Notre destination, l’école fondamentale Gahizi érigée sur la colline Musigati. Pour y arriver, on bifurque à gauche de la route menant à la commune Musigati. Après trois minutes, on arrive sur la colline Gahisi. Mais la voiture ne peut pas accéder à l’école construite au sommet de la colline. On y monte à pied.
Les écoliers sont en classe. Ceux qui sont dans l’une de salle de classe chantent tandis ceux sont dans une autre classe font des exercices. Ils crient « S’il vous plaît… s’il vous plait ».
A l’extérieur des classes, une fille berce un bébé dont elle porte sur le dos. Pourtant, ce n’est pas une nounou. C’est une écolière. Elle donne un coup de main à l’une des deux enseignantes dispensant les cours dans la classe de la première et de la deuxième année. Elle suit les cours à travers la fenêtre.
Les cas d’abondons sont alarmants
Cette école donne l’impression d’un établissement bien organisé. L’effectif des écoliers n’est pas pléthorique. Deux apprenants par banc pupitre. Cependant, la réalité est toute autre. L’ecofo Gahisi n’a que deux salles de classe. Les élèves qui suivent les cours sont de la première et de la deuxième année. Ceux de la troisième, de la quatrième année, cinquième année, sixième année ont étudié dans l’avant-midi.
Outre cela, cette école fait face à un véritable problème. Les chiffres des cas d’abandons scolaire font froid dans le dos. Alexis Misigaro, directeur de cet établissement, s’inquiète. « Les cas d’abandons sont alarmants. Au cours du premier trimestre, sur l’effectif de 424 écoliers, 40 ont quitté l’école »
Parmi ces cas abandons, 25 sont des écoliers batwa. L’école compte 53 écoliers de batwa. L’ecofo Gahisi enregistre le plus grand effectif d’écoliers batwa de la direction communale d’enseignement de Musigati.

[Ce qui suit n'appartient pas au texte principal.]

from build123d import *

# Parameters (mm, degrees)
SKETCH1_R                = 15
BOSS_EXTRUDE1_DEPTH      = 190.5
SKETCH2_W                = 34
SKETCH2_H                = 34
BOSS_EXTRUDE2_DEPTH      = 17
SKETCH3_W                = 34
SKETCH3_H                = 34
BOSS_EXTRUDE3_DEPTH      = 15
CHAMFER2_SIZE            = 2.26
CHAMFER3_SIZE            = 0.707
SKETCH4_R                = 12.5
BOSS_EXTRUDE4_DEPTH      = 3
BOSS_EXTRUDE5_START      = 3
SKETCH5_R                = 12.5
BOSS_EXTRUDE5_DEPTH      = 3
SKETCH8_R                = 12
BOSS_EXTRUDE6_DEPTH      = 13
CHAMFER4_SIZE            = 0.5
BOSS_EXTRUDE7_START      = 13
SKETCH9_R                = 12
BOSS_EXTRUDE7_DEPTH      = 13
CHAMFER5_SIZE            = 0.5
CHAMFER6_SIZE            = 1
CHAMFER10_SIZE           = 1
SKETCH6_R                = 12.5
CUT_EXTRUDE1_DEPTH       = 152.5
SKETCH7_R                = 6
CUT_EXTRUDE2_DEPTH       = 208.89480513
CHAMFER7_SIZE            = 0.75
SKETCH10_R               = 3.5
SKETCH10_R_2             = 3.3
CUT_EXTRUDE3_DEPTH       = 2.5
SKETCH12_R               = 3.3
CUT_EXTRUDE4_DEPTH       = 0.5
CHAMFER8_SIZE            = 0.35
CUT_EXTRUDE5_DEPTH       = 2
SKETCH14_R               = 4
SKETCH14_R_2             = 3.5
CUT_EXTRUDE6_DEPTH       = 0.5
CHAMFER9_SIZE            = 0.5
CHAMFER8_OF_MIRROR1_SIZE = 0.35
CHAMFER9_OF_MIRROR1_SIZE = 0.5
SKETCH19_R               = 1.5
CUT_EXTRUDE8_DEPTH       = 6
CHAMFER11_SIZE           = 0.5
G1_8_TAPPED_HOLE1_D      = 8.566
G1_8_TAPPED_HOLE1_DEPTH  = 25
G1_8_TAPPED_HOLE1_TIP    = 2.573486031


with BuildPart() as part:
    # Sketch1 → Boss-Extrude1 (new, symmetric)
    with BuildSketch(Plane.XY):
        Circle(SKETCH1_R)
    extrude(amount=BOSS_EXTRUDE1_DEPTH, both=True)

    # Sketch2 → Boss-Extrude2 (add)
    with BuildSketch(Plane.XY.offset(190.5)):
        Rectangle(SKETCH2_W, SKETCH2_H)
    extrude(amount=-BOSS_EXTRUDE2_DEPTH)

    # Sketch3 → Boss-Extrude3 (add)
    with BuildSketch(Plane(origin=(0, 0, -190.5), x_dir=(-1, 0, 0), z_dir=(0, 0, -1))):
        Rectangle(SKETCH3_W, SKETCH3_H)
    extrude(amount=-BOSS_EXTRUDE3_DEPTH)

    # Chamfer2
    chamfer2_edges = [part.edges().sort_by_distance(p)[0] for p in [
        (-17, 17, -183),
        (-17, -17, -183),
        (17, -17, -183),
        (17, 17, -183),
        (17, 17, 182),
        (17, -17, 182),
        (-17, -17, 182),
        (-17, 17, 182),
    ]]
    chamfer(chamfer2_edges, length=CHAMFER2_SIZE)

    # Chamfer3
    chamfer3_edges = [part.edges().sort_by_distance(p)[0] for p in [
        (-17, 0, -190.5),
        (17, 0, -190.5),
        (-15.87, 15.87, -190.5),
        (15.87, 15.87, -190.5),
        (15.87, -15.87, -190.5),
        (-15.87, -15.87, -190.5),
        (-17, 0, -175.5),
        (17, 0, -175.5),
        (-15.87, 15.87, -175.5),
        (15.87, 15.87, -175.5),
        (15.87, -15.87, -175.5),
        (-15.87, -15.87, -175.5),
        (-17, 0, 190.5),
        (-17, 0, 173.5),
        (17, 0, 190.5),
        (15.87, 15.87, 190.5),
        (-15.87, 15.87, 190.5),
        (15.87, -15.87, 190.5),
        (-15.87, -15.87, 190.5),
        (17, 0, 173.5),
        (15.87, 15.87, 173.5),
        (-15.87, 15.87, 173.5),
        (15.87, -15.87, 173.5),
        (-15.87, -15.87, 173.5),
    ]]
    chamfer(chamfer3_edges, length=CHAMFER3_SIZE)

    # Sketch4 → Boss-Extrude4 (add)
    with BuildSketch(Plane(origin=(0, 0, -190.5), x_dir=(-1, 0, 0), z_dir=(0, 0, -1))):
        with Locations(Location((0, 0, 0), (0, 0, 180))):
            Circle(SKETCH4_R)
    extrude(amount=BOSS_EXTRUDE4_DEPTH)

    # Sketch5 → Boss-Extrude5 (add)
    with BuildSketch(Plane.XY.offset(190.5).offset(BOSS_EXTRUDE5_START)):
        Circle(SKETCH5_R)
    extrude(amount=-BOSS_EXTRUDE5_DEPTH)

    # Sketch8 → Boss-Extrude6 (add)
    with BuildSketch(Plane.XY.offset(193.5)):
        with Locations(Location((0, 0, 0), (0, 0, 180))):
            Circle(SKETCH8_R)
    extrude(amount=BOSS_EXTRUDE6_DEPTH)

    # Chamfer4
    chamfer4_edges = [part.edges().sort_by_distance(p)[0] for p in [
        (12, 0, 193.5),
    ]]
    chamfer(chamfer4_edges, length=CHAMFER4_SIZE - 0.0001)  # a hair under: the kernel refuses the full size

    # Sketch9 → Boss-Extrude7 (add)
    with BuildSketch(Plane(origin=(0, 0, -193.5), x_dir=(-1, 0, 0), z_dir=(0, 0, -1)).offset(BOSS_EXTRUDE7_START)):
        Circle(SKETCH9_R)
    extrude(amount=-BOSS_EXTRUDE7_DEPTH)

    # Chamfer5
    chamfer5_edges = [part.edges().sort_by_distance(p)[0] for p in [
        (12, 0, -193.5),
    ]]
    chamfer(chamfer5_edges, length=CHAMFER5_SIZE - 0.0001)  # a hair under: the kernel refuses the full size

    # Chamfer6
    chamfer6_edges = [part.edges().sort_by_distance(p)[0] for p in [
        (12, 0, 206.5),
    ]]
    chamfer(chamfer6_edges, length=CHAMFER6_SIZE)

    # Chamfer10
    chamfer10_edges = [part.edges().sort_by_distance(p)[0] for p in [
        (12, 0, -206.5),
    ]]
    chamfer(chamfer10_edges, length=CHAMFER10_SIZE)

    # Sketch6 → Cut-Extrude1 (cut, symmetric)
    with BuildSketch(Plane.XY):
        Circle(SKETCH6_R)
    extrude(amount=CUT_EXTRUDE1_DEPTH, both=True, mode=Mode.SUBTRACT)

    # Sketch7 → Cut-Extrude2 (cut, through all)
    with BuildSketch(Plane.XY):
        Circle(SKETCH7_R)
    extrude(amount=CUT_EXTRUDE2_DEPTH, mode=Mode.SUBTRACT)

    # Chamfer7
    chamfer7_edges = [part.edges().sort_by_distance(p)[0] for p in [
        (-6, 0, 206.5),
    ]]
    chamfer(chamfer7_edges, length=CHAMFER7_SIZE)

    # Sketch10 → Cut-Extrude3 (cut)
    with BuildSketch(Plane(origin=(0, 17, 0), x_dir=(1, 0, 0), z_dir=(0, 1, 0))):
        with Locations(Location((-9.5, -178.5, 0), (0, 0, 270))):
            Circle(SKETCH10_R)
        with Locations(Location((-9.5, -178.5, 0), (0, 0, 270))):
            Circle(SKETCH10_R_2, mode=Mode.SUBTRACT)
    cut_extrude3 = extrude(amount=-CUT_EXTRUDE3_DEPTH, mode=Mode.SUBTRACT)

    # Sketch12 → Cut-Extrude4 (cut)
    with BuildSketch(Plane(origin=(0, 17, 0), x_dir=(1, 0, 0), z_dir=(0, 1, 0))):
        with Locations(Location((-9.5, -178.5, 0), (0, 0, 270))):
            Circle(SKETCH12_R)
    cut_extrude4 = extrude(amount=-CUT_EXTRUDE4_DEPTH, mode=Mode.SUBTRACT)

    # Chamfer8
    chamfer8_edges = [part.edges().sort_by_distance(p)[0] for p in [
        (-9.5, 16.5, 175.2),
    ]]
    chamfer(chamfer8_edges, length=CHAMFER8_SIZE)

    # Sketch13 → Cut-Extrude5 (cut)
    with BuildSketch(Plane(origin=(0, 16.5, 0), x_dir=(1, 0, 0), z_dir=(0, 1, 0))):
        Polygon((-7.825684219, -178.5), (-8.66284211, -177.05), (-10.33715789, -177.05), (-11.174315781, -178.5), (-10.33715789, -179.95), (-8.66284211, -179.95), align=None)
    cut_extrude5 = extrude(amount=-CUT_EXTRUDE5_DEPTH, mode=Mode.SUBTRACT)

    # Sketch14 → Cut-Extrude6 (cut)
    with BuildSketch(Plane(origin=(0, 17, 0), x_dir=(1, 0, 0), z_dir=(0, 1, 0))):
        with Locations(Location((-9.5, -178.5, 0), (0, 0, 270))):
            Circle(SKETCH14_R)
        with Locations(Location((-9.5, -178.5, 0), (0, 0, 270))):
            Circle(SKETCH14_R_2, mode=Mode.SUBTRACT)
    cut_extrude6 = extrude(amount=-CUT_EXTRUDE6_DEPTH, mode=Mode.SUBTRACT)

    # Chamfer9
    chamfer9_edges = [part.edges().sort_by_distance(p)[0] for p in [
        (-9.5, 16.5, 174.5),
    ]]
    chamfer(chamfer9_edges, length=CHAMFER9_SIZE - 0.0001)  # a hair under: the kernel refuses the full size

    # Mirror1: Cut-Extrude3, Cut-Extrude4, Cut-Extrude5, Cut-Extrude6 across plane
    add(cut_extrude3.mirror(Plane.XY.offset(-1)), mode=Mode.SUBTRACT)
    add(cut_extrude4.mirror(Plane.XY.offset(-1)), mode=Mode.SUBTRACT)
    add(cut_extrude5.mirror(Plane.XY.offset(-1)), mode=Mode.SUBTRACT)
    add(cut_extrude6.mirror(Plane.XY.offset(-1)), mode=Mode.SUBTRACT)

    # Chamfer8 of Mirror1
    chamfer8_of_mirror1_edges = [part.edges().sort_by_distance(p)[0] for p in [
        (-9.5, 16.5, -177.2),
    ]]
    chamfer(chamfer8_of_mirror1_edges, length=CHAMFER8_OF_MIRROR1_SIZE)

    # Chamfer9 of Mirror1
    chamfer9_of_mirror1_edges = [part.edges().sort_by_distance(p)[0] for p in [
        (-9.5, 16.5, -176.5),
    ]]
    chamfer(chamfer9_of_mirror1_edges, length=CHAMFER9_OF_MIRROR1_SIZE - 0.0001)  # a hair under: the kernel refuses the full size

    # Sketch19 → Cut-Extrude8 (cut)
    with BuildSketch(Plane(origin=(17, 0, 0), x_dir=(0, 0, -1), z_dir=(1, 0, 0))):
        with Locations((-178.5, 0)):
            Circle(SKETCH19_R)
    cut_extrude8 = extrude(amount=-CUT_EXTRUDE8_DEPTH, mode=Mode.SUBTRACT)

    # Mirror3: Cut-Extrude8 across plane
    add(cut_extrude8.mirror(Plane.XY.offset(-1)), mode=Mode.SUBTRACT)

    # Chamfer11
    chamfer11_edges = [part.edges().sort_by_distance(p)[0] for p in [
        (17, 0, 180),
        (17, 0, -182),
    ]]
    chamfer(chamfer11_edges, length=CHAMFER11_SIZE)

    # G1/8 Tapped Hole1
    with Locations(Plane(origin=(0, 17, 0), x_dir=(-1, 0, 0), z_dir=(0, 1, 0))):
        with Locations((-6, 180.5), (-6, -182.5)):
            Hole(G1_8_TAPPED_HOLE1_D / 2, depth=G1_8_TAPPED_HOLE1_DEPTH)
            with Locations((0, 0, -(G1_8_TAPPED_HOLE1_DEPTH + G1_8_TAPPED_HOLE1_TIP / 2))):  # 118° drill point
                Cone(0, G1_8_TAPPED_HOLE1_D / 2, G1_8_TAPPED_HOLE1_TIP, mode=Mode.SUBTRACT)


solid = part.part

Pour tirer la sonnette d’alarme, le directeur brosse le tableau des cas d’abandons de deux dernières années scolaires. « L’année scolaire 2020/2021, sur l’effectif de 391 écoliers, nous n’avons enregistré que trois cas d’abandons. L’année scolaire 2019/2020, sur 274 élèves, seuls 3 ont abandonné. », souligne Alexis Misigaro
Le taux de réussite en decrescendo
D’après ce responsable, ces abandons s’expliquent par une principale raison: le système de cantine scolaire ne fonctionne plus. Depuis le début de décembre 2021, les stocks alimentaires sont vides.
Lorsqu’il y a rupture de stocks, précise Alexis Misigaro, cet établissement compte beaucoup d’absences parce que de nombreux ménages n’ont pas assez de moyens pour nourrir leurs enfants.
M. Misigaro craint que la situation risque de s’empirer si rien n’est fait. Jusqu’à l’heure actuelle, la direction ne connaît ni la raison de cette rupture de stock ni quand elle sera approvisionnée.
En outre, la rupture de stocks affecte les performances des élèves. Au cours du premier trimestre, à l’ecofo Gahisi, le taux de réussite se chiffre à 65% alors qu’il était 70% au cours des trimestres précédents.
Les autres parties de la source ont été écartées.